→ **TASK GOAL**: Below are some entries. Repeat exactly the lines from the one with "Add1/1 -> RobotTheta/1, Unit" through the one with "FeedbackController : Subsystem", and only those.
□ □ □ □ □
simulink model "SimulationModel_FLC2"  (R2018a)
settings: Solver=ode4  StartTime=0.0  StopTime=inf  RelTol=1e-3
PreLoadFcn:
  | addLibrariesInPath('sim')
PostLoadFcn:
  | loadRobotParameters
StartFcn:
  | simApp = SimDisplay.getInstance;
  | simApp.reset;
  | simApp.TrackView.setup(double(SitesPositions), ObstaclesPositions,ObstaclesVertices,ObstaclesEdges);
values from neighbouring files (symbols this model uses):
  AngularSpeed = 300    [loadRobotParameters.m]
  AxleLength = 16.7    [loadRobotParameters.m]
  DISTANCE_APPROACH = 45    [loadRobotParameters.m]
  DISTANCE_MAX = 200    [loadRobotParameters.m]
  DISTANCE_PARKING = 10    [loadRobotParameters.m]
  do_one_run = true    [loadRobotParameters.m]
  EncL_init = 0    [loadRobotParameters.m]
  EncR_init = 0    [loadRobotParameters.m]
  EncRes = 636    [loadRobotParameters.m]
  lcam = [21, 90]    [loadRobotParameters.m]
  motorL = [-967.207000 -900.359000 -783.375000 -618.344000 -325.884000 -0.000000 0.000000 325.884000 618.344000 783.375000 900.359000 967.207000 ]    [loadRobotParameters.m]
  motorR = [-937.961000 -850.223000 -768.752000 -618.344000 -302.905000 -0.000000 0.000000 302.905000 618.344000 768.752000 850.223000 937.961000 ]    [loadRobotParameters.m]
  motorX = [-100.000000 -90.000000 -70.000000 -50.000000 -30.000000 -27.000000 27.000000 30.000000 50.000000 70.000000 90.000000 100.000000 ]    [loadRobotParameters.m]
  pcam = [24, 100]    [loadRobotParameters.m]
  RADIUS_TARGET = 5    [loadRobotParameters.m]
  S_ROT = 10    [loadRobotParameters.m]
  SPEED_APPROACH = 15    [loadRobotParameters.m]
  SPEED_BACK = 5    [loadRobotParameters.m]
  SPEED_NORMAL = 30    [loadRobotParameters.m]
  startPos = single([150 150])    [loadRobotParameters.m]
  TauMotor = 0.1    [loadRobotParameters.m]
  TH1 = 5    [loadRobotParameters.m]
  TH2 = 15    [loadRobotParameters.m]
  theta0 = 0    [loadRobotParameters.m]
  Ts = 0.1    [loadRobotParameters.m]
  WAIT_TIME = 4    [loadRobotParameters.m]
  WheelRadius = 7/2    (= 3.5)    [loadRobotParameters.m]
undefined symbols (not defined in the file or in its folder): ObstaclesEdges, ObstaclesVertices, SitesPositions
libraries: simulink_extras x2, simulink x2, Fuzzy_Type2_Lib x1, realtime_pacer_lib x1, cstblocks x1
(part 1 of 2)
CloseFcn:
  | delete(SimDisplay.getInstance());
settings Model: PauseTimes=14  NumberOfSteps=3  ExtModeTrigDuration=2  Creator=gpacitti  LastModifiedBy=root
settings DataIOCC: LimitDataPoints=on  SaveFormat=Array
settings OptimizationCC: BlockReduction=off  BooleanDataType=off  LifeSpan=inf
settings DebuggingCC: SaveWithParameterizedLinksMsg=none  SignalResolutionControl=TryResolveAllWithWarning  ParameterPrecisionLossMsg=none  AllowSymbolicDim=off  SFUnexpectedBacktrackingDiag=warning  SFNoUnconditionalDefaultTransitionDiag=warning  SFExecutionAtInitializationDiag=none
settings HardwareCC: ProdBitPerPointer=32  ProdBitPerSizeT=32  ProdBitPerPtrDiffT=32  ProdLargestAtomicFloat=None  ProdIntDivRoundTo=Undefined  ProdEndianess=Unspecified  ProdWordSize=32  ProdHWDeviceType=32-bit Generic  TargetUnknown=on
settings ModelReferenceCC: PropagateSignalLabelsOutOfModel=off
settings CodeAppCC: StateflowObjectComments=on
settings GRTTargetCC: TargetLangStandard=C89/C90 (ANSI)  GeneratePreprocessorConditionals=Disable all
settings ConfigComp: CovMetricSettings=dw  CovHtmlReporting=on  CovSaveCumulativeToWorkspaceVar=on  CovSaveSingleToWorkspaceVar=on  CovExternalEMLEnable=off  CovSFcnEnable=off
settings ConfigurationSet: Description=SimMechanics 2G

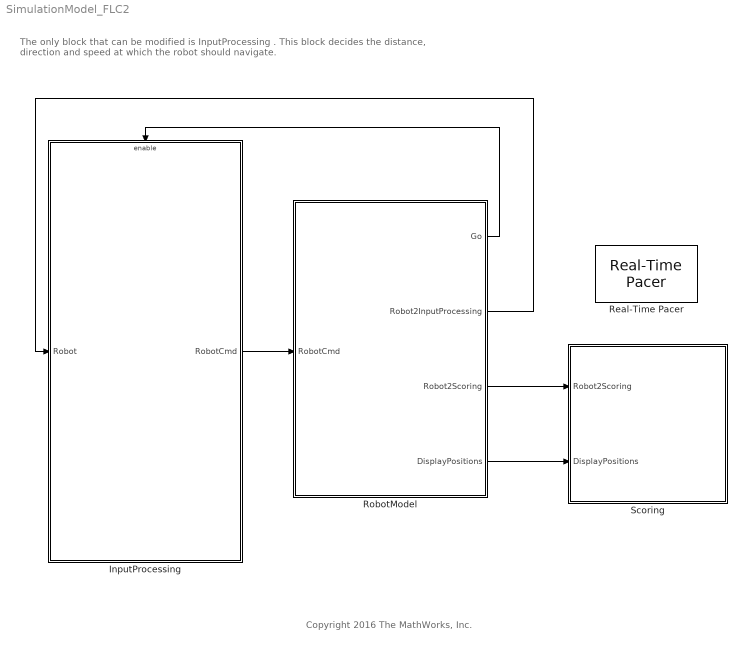
== system SimulationModel_FLC2 ==
  note: Copyright 2016 The MathWorks, Inc.
  note: The only block that can be modified is InputProcessing .
      | This block decides the distance, direction and speed at which the robot should navigate.
  InputProcessing : Subsystem
      mask Display: image('Arduino_Due_2_0274.png',[0.15,0.3,0.45,0.4]);
  Real-Time Pacer : realtime_pacer_lib/Real-Time Pacer  simTimePerRealTime=1
  RobotModel : Subsystem  mask(Robot){}
      mask help:
      | !! DO NOT MODIFY !!
      | Model representing the robot behavior including physical representation and sensors.
      |
      | Version 2.1
      mask Display: image('robot_3d.jpg',[0.4,0.7,0.45,0.25]);
  Scoring : Subsystem  mask(Scoring){}
      mask help:
      | !! DO NOT MODIFY !!
      | Model representing the judge and visualisation.
  wires:
  RobotModel/2(Robot2InputProcessing) -> InputProcessing/1(Robot)
  RobotModel/3(Robot2Scoring) -> Scoring/1(Robot2Scoring)
  RobotModel/1(Go) -> InputProcessing/Enable
  RobotModel/4(DisplayPositions) -> Scoring/2(DisplayPositions)
  InputProcessing/1(RobotCmd) -> RobotModel/1(RobotCmd)

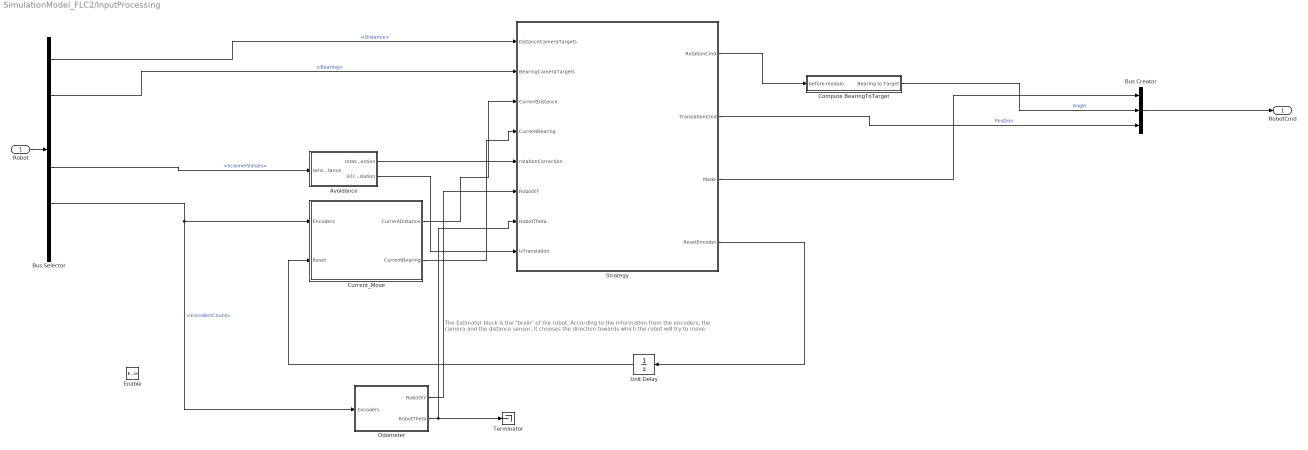
== system SimulationModel_FLC2/InputProcessing ==
  note: The Estimator block is the "brain" of the robot. According to the information from the encoders, the camera and the
      | distance sensor, it chooses the direction towards which the robot will try to move.
  Robot : Inport  OutDataTypeStr=Bus: bus_Robot
  Enable : EnablePort
  Avoidance : Subsystem
  Bus Creator : BusCreator  Inputs=3  OutDataTypeStr=Bus: bus_Command  NonVirtualBus=on
  Bus Selector : BusSelector  OutputSignals=Distance,Bearing,ScannerStatus,ScannerValues,EncodersCount,Remaining
  Compute BearingToTarget : Subsystem
  Current_Move : Subsystem
  Odometer : Subsystem
  Strategy : Stateflow chart  TreatAsAtomicUnit=on
  Terminator : Terminator
  Unit Delay : UnitDelay  SampleTime=-1
  RobotCmd : Outport  OutDataTypeStr=Bus: bus_Command
  wires:
  Robot/1 -> Bus Selector/1
  Bus Selector/2 -> Strategy/2(BearingCameraTargets)  "<Bearing>"
  Bus Selector/4 -> Avoidance/1(sensors distance)  "<ScannerValues>"
  Bus Selector/5 -> Odometer/1(Encoders), Current_Move/1(Encoders)  "<EncodersCount>"
  Bus Selector/1 -> Strategy/1(DistanceCameraTargets)  "<Distance>"
  Strategy/4(ResetEncoder) -> Unit Delay/1
  Unit Delay/1 -> Current_Move/2(Reset)
  Current_Move/1(CurrentDistance) -> Strategy/3(CurrentDistance)
  Odometer/2(RobotTheta) -> Terminator/1, Strategy/7(RobotTheta)
  Odometer/1(RobotXY) -> Strategy/6(RobotXY)
  Current_Move/2(CurrentBearing) -> Strategy/4(CurrentBearing)
  Avoidance/1(rotationCorrection) -> Strategy/5(rotationCorrection)
  Avoidance/2(isTranslation) -> Strategy/8(isTranslation)
  Strategy/1(RotationCmd) -> Compute BearingToTarget/1(before modulo)
  Bus Creator/1 -> RobotCmd/1
  Compute BearingToTarget/1(Bearing to Target) -> Bus Creator/2  "Angle"
  Strategy/2(TranslationCmd) -> Bus Creator/3  "Position"
  Strategy/3(Mode) -> Bus Creator/1

== system SimulationModel_FLC2/RobotModel ==
  RobotCmd : Inport  SampleTime=0
  Bus Creator : BusCreator  Inputs=6  OutDataTypeStr=Bus: bus_Robot  NonVirtualBus=on
  Controller : Subsystem
  Robot : Subsystem
  estimate_position : Subsystem
  Go : Outport
  Robot2InputProcessing : Outport  Port=2  OutDataTypeStr=Bus: bus_Robot
  Robot2Scoring : Outport  Port=3
  DisplayPositions : Outport  Port=4
  wires:
  Robot/6(Go) -> Go/1
  Robot/7(Robot2Scoring) -> Robot2Scoring/1
  Robot/5(ScannerValues) -> Bus Creator/5
  Robot/4(ScannerStatus) -> Bus Creator/4
  Robot/3(Bearing) -> Bus Creator/3
  Robot/2(Distance) -> Bus Creator/2
  Controller/1(MotorDemand) -> Robot/1(MotorDemand)
  Robot/1(EncoderCount) -> Bus Creator/1, estimate_position/1(Encoders), Controller/1(Encoders)
  estimate_position/1(RobotXY) -> DisplayPositions/1
  Controller/2(RemainingAngleDistance) -> Bus Creator/6  "Remaining"
  RobotCmd/1 -> Controller/2(RobotCmd)
  Bus Creator/1 -> Robot2InputProcessing/1  "Robot"

== system SimulationModel_FLC2/Scoring ==
  Robot2Scoring : Inport
  DisplayPositions : Inport  Port=2
  Bus Selector : BusSelector  OutputSignals=Position,Go
  Bus Selector1 : BusSelector  OutputSignals=LocatedTargets,RobotAngle,ArmAngleEstimated
  FigureOutput : Subsystem  TreatAsAtomicUnit=on  SimViewingDevice=on
  Referee : Subsystem
      mask Display: % image(imread('referee.png'))
  wires:
  Referee/1(Targets Located) -> FigureOutput/2(Targets Found)  "TargetsLocated"
  Referee/2(Time Last Target Found) -> FigureOutput/3(Time Last Found)  "TimeLastTargetFound"
  Referee/3(Elapsed Time_sec) -> FigureOutput/4(Time Elapsed)  "ElapsedTime"
  DisplayPositions/1 -> FigureOutput/9(DisplayPositions)
  Robot2Scoring/1 -> Bus Selector1/1, Bus Selector/1
  Bus Selector/2 -> Referee/2(Start Flag)  "<Go>"
  Bus Selector/1 -> FigureOutput/1(Position), Referee/1(Robot Position_m)  "<Position>"
  Bus Selector1/1 -> FigureOutput/5(locatedTargets)  "<LocatedTargets>"
  Bus Selector1/2 -> FigureOutput/6(robottheta)  "<RobotAngle>"
  Bus Selector1/3 -> FigureOutput/8(ArmAngleCommand), FigureOutput/7(ArmAngleEstimated)  "<ArmAngleEstimated>"

== system SimulationModel_FLC2/InputProcessing/Avoidance ==
  sensors distance : Inport
  Constant : Constant  Value=85
  Demux : Demux  Outputs=3
  Demux1 : Demux  Outputs=2
  Interval Type-2 Fuzzy Logic Controller with TR selection : Fuzzy_Type2_Lib/Interval Type-2 Fuzzy Logic Controller with TR selection  t2fisSim=t2fis_Avoidance  TRtype=0
      settings: SourceProductName=Interval Type-2 Fuzzy Logic Systems Toolbox
  Mux : Mux  Inputs=5
  Switch : Switch  Criteria=u2 > Threshold  Threshold=-1
  To File : ToFile  Filename=Avoidance.mat  MatrixName=Avoid
  rotationCorrection : Outport
  isTranslation : Outport  Port=2
  wires:
  Demux1/1 -> Mux/1, rotationCorrection/1  "rot"
  Demux1/2 -> Mux/2, isTranslation/1  "tran"
  Switch/1 -> Interval Type-2 Fuzzy Logic Controller with TR selection/1, Demux/1
  Constant/1 -> Switch/3
  sensors distance/1 -> Switch/2, Switch/1
  Mux/1 -> To File/1
  Demux/1 -> Mux/3
  Demux/2 -> Mux/4
  Demux/3 -> Mux/5
  Interval Type-2 Fuzzy Logic Controller with TR selection/1 -> Demux1/1

== system SimulationModel_FLC2/InputProcessing/Compute BearingToTarget ==
  before modulo : Inport
  Constant : Constant  Value=180  OutDataTypeStr=Inherit: Inherit via back propagation
  Constant1 : Constant  Value=360  OutDataTypeStr=Inherit: Inherit via back propagation
  Math Function1 : Math  Operator=mod  SaturateOnIntegerOverflow=on
  Sum10 : Sum  Inputs=-+|
  Sum7 : Sum  Inputs=++|
  Bearing to Target : Outport  SampleTime=Ts
  wires:
  Constant/1 -> Sum7/1, Sum10/1
  Sum7/1 -> Math Function1/1
  Constant1/1 -> Math Function1/2
  Math Function1/1 -> Sum10/2
  Sum10/1 -> Bearing to Target/1
  before modulo/1 -> Sum7/2

== system SimulationModel_FLC2/InputProcessing/Current_Move ==
  Encoders : Inport
  Reset : Inport  Port=2
  Add : Sum
  Add1 : Sum  Inputs=-+
  Demux : Demux  Outputs=2
  Gain : Gain  Gain=1/2
  Gain1 : Gain  Gain=180/(AxleLength*pi)
  d : Subsystem
  CurrentDistance : Outport
  CurrentBearing : Outport  Port=2
  wires:
  Reset/1 -> d/2(reset)
  Demux/2 -> Add/2, Add1/2
  Add1/1 -> Gain1/1
  Gain1/1 -> CurrentBearing/1
  Gain/1 -> CurrentDistance/1
  Demux/1 -> Add1/1, Add/1
  Add/1 -> Gain/1
  Encoders/1 -> d/1(encoder)
  d/1(d) -> Demux/1

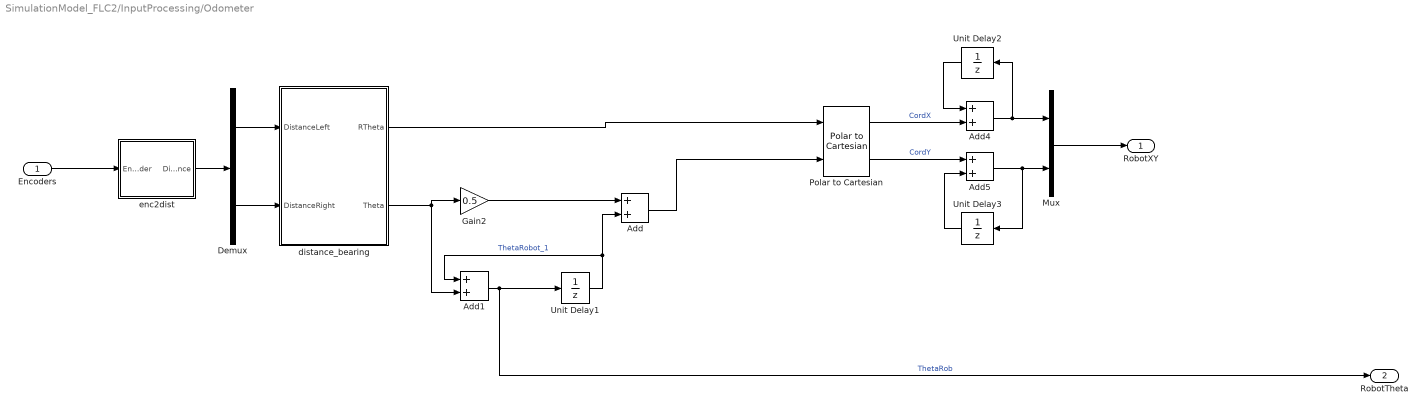
== system SimulationModel_FLC2/InputProcessing/Odometer ==
  Encoders : Inport
  Add{,1,4..5} (4 alike) : Sum
  Demux : Demux  Outputs=2
  Gain2 : Gain  Gain=0.5
  Mux : Mux  Inputs=2
  Polar to Cartesian : simulink_extras/Transformations/Polar to Cartesian
      settings: SourceProductName=Simulink  SourceProductBaseCode=SL
  Unit Delay1 : UnitDelay  DialogController=Simulink.DDGSource  InitialCondition=theta0*pi/180  SampleTime=-1
  Unit Delay2 : UnitDelay  DialogController=Simulink.DDGSource  InitialCondition=single(startPos(1))  SampleTime=-1
  Unit Delay3 : UnitDelay  DialogController=Simulink.DDGSource  InitialCondition=single(startPos(2))  SampleTime=-1
  distance_bearing : Subsystem
  enc2dist : Subsystem
  RobotXY : Outport
  RobotTheta : Outport  Port=2
  wires:
  Gain2/1 -> Add/1
  Polar to Cartesian/1 -> Add4/2  "CordX"
  Polar to Cartesian/2 -> Add5/1  "CordY"
  Add4/1 -> Unit Delay2/1, Mux/1
  Unit Delay2/1 -> Add4/1
  Add5/1 -> Mux/2, Unit Delay3/1
  Unit Delay3/1 -> Add5/2
  distance_bearing/2(Theta) -> Gain2/1, Add1/2
  Unit Delay1/1 -> Add1/1, Add/2  "ThetaRobot_1"
  Add/1 -> Polar to Cartesian/2
  Add1/1 -> RobotTheta/1, Unit Delay1/1  "ThetaRob"
  distance_bearing/1(RTheta) -> Polar to Cartesian/1
  Mux/1 -> RobotXY/1
  enc2dist/1(Distance) -> Demux/1
  Demux/1 -> distance_bearing/1(DistanceLeft)
  Demux/2 -> distance_bearing/2(DistanceRight)
  Encoders/1 -> enc2dist/1(Encoder)

== system SimulationModel_FLC2/RobotModel/Controller ==
  Encoders : Inport
  RobotCmd : Inport  Port=2  OutDataTypeStr=Bus: bus_Command
  Command2Demand : Subsystem
  FeedbackController : Subsystem  VariantControl=variantBasic
  MotorDemand : Outport  SampleTime=Ts  OutputWhenDisabled=reset  InitialOutput=0
  RemainingAngleDistance : Outport  Port=2  OutputWhenDisabled=reset  InitialOutput=0
  wires:
  FeedbackController/3(RemainingAngleDistance) -> RemainingAngleDistance/1
  FeedbackController/1(DifferentialCommand) -> Command2Demand/1(DifferentialCommand)
  FeedbackController/2(ForwardCommand) -> Command2Demand/2(ForwardCommand)
  Command2Demand/1(MotorDemand) -> MotorDemand/1
  Encoders/1 -> FeedbackController/1(Encoders)
  RobotCmd/1 -> FeedbackController/2(Cmd)

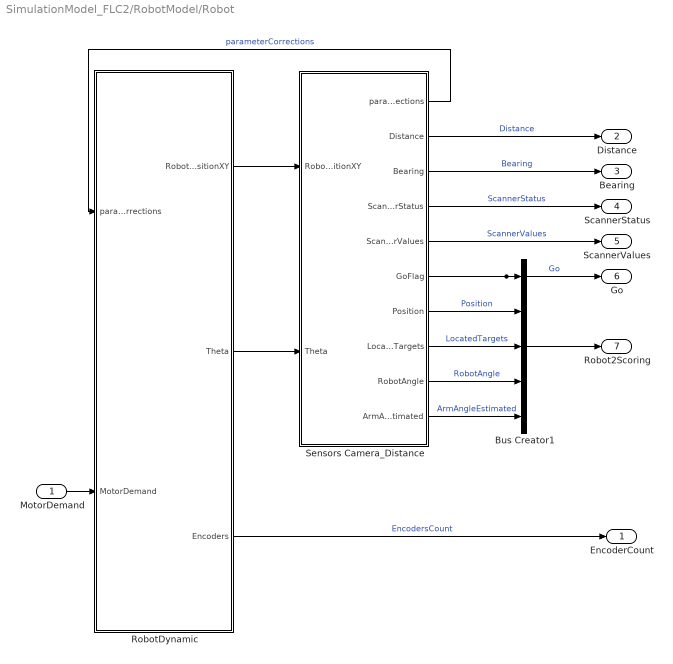
== system SimulationModel_FLC2/RobotModel/Robot ==
  MotorDemand : Inport
  Bus Creator1 : BusCreator  Inputs=5
  RobotDynamic : Subsystem
  Sensors Camera_Distance : Subsystem
  EncoderCount : Outport
  Distance : Outport  Port=2
  Bearing : Outport  Port=3
  ScannerStatus : Outport  Port=4
  ScannerValues : Outport  Port=5
  Go : Outport  Port=6
  Robot2Scoring : Outport  Port=7
  wires:
  Bus Creator1/1 -> Robot2Scoring/1
  Sensors Camera_Distance/10(ArmAngleEstimated) -> Bus Creator1/5  "ArmAngleEstimated"
  Sensors Camera_Distance/9(RobotAngle) -> Bus Creator1/4  "RobotAngle"
  Sensors Camera_Distance/7(Position) -> Bus Creator1/2  "Position"
  Sensors Camera_Distance/8(LocatedTargets) -> Bus Creator1/3  "LocatedTargets"
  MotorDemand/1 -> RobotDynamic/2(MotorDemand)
□ □ □ □ □
→ **ANSWER FOR THE TASK**:
  Add1/1 -> RobotTheta/1, Unit Delay1/1  "ThetaRob"
  distance_bearing/1(RTheta) -> Polar to Cartesian/1
  Mux/1 -> RobotXY/1
  enc2dist/1(Distance) -> Demux/1
  Demux/1 -> distance_bearing/1(DistanceLeft)
  Demux/2 -> distance_bearing/2(DistanceRight)
  Encoders/1 -> enc2dist/1(Encoder)

== system SimulationModel_FLC2/RobotModel/Controller ==
  Encoders : Inport
  RobotCmd : Inport  Port=2  OutDataTypeStr=Bus: bus_Command
  Command2Demand : Subsystem
  FeedbackController : Subsystem  VariantControl=variantBasic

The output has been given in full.